Start of Supplied data

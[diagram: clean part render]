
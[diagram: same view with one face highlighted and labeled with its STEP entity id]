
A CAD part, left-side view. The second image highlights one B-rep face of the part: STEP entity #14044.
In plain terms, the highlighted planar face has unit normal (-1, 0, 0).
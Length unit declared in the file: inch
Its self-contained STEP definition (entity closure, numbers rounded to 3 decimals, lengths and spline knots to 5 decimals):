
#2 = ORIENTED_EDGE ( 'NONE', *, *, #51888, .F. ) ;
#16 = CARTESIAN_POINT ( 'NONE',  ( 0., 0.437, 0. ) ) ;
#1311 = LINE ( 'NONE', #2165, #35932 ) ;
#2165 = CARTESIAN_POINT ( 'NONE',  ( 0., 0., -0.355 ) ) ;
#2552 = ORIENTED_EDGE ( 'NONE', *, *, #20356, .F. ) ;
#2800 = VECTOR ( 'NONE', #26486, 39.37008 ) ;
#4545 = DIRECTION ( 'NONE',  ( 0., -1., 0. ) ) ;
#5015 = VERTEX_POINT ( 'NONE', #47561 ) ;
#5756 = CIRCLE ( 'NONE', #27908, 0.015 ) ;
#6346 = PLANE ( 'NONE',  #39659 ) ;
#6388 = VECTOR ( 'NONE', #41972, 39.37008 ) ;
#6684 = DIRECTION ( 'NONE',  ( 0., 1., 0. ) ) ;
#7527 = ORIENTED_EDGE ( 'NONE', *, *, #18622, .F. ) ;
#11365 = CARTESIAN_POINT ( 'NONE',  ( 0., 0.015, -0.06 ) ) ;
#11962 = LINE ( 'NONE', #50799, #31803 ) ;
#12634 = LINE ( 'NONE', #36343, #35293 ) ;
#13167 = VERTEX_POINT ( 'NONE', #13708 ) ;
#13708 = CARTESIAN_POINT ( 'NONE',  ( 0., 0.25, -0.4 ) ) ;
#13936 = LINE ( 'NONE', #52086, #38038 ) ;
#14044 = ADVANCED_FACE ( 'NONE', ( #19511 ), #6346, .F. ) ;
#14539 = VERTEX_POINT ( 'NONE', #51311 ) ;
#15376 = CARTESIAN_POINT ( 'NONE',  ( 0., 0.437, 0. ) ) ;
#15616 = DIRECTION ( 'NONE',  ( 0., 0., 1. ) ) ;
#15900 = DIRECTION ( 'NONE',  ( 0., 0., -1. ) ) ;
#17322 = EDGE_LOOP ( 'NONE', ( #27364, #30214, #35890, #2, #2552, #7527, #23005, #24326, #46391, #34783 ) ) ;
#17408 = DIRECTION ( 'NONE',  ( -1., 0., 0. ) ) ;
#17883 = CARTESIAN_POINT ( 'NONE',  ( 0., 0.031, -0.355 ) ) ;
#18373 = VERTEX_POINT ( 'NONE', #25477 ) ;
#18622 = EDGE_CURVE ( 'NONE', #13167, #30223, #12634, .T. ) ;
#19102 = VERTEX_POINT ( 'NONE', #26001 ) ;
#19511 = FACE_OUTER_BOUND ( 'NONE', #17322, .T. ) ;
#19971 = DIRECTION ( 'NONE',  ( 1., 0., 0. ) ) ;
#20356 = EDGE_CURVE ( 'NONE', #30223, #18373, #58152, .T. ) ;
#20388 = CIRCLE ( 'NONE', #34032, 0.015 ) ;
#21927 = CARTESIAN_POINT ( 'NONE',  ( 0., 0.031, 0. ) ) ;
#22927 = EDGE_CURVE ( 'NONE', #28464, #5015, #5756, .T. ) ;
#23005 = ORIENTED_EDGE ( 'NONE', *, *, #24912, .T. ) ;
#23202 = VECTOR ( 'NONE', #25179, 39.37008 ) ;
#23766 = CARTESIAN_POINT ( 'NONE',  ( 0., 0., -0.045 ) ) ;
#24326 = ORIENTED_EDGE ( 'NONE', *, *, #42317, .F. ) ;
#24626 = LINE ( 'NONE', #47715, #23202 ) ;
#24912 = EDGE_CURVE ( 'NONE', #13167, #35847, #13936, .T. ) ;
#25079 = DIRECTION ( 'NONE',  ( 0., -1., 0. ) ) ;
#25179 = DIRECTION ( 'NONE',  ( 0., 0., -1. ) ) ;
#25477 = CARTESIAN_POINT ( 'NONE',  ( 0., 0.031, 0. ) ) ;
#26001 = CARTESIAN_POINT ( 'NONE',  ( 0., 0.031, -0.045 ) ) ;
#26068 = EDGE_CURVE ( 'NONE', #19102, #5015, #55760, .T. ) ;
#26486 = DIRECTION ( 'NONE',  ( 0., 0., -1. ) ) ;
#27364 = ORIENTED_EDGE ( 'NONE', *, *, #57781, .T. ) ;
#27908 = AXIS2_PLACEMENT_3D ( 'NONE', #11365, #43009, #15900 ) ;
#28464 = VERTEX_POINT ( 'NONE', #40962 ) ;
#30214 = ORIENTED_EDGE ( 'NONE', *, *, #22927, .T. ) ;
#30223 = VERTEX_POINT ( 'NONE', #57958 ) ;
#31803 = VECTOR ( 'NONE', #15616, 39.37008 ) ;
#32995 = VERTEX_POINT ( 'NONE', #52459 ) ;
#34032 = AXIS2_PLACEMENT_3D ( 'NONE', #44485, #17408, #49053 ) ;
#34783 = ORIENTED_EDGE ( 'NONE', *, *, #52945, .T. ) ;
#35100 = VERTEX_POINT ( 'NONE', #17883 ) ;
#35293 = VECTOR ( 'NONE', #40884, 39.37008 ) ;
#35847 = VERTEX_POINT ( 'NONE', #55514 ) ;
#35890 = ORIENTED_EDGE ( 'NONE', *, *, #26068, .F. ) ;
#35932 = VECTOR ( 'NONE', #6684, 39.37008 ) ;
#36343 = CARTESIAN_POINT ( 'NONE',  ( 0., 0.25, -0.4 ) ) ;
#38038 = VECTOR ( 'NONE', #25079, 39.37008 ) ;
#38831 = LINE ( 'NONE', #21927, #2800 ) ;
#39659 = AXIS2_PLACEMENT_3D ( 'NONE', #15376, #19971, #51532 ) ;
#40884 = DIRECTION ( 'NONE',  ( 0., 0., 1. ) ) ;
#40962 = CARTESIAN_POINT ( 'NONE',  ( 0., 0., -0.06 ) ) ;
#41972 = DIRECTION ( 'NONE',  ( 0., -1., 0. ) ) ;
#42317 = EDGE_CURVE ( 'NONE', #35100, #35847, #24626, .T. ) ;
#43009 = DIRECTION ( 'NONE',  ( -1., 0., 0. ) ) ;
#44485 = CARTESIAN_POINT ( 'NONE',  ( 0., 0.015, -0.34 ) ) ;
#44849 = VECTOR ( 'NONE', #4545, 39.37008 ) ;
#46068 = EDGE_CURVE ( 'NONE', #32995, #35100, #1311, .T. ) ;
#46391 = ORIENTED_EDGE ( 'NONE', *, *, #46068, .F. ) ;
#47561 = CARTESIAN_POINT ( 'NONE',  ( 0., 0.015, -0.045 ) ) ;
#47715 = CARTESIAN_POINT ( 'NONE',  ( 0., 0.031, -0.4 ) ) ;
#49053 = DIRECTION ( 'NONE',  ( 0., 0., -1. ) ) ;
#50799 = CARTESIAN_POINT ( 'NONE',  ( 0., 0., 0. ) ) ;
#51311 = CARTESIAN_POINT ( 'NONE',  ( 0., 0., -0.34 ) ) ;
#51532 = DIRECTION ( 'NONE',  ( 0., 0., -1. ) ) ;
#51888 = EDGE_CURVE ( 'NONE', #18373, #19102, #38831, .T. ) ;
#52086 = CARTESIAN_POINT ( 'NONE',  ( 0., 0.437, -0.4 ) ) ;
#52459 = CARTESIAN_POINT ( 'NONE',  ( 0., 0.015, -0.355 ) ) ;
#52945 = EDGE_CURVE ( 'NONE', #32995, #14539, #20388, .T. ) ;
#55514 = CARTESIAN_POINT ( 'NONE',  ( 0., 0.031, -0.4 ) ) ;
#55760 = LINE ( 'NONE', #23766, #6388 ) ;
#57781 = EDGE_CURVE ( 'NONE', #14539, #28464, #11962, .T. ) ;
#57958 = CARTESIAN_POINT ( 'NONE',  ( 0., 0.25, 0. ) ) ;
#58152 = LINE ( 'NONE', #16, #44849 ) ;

End of Supplied data

__Your task__
The answer must consist solely of the lines from the first line of the data to the line holding "#2552 = ORIENTED_EDGE", each given again exactly.

__Solution to the problem__
[diagram: clean part render]
[diagram: same view with one face highlighted and labeled with its STEP entity id]
A CAD part, left-side view. The second image highlights one B-rep face of the part: STEP entity #14044.
In plain terms, the highlighted planar face has unit normal (-1, 0, 0).
Length unit declared in the file: inch
Its self-contained STEP definition (entity closure, numbers rounded to 3 decimals, lengths and spline knots to 5 decimals):
#2 = ORIENTED_EDGE ( 'NONE', *, *, #51888, .F. ) ;
#16 = CARTESIAN_POINT ( 'NONE',  ( 0., 0.437, 0. ) ) ;
#1311 = LINE ( 'NONE', #2165, #35932 ) ;
#2165 = CARTESIAN_POINT ( 'NONE',  ( 0., 0., -0.355 ) ) ;
#2552 = ORIENTED_EDGE ( 'NONE', *, *, #20356, .F. ) ;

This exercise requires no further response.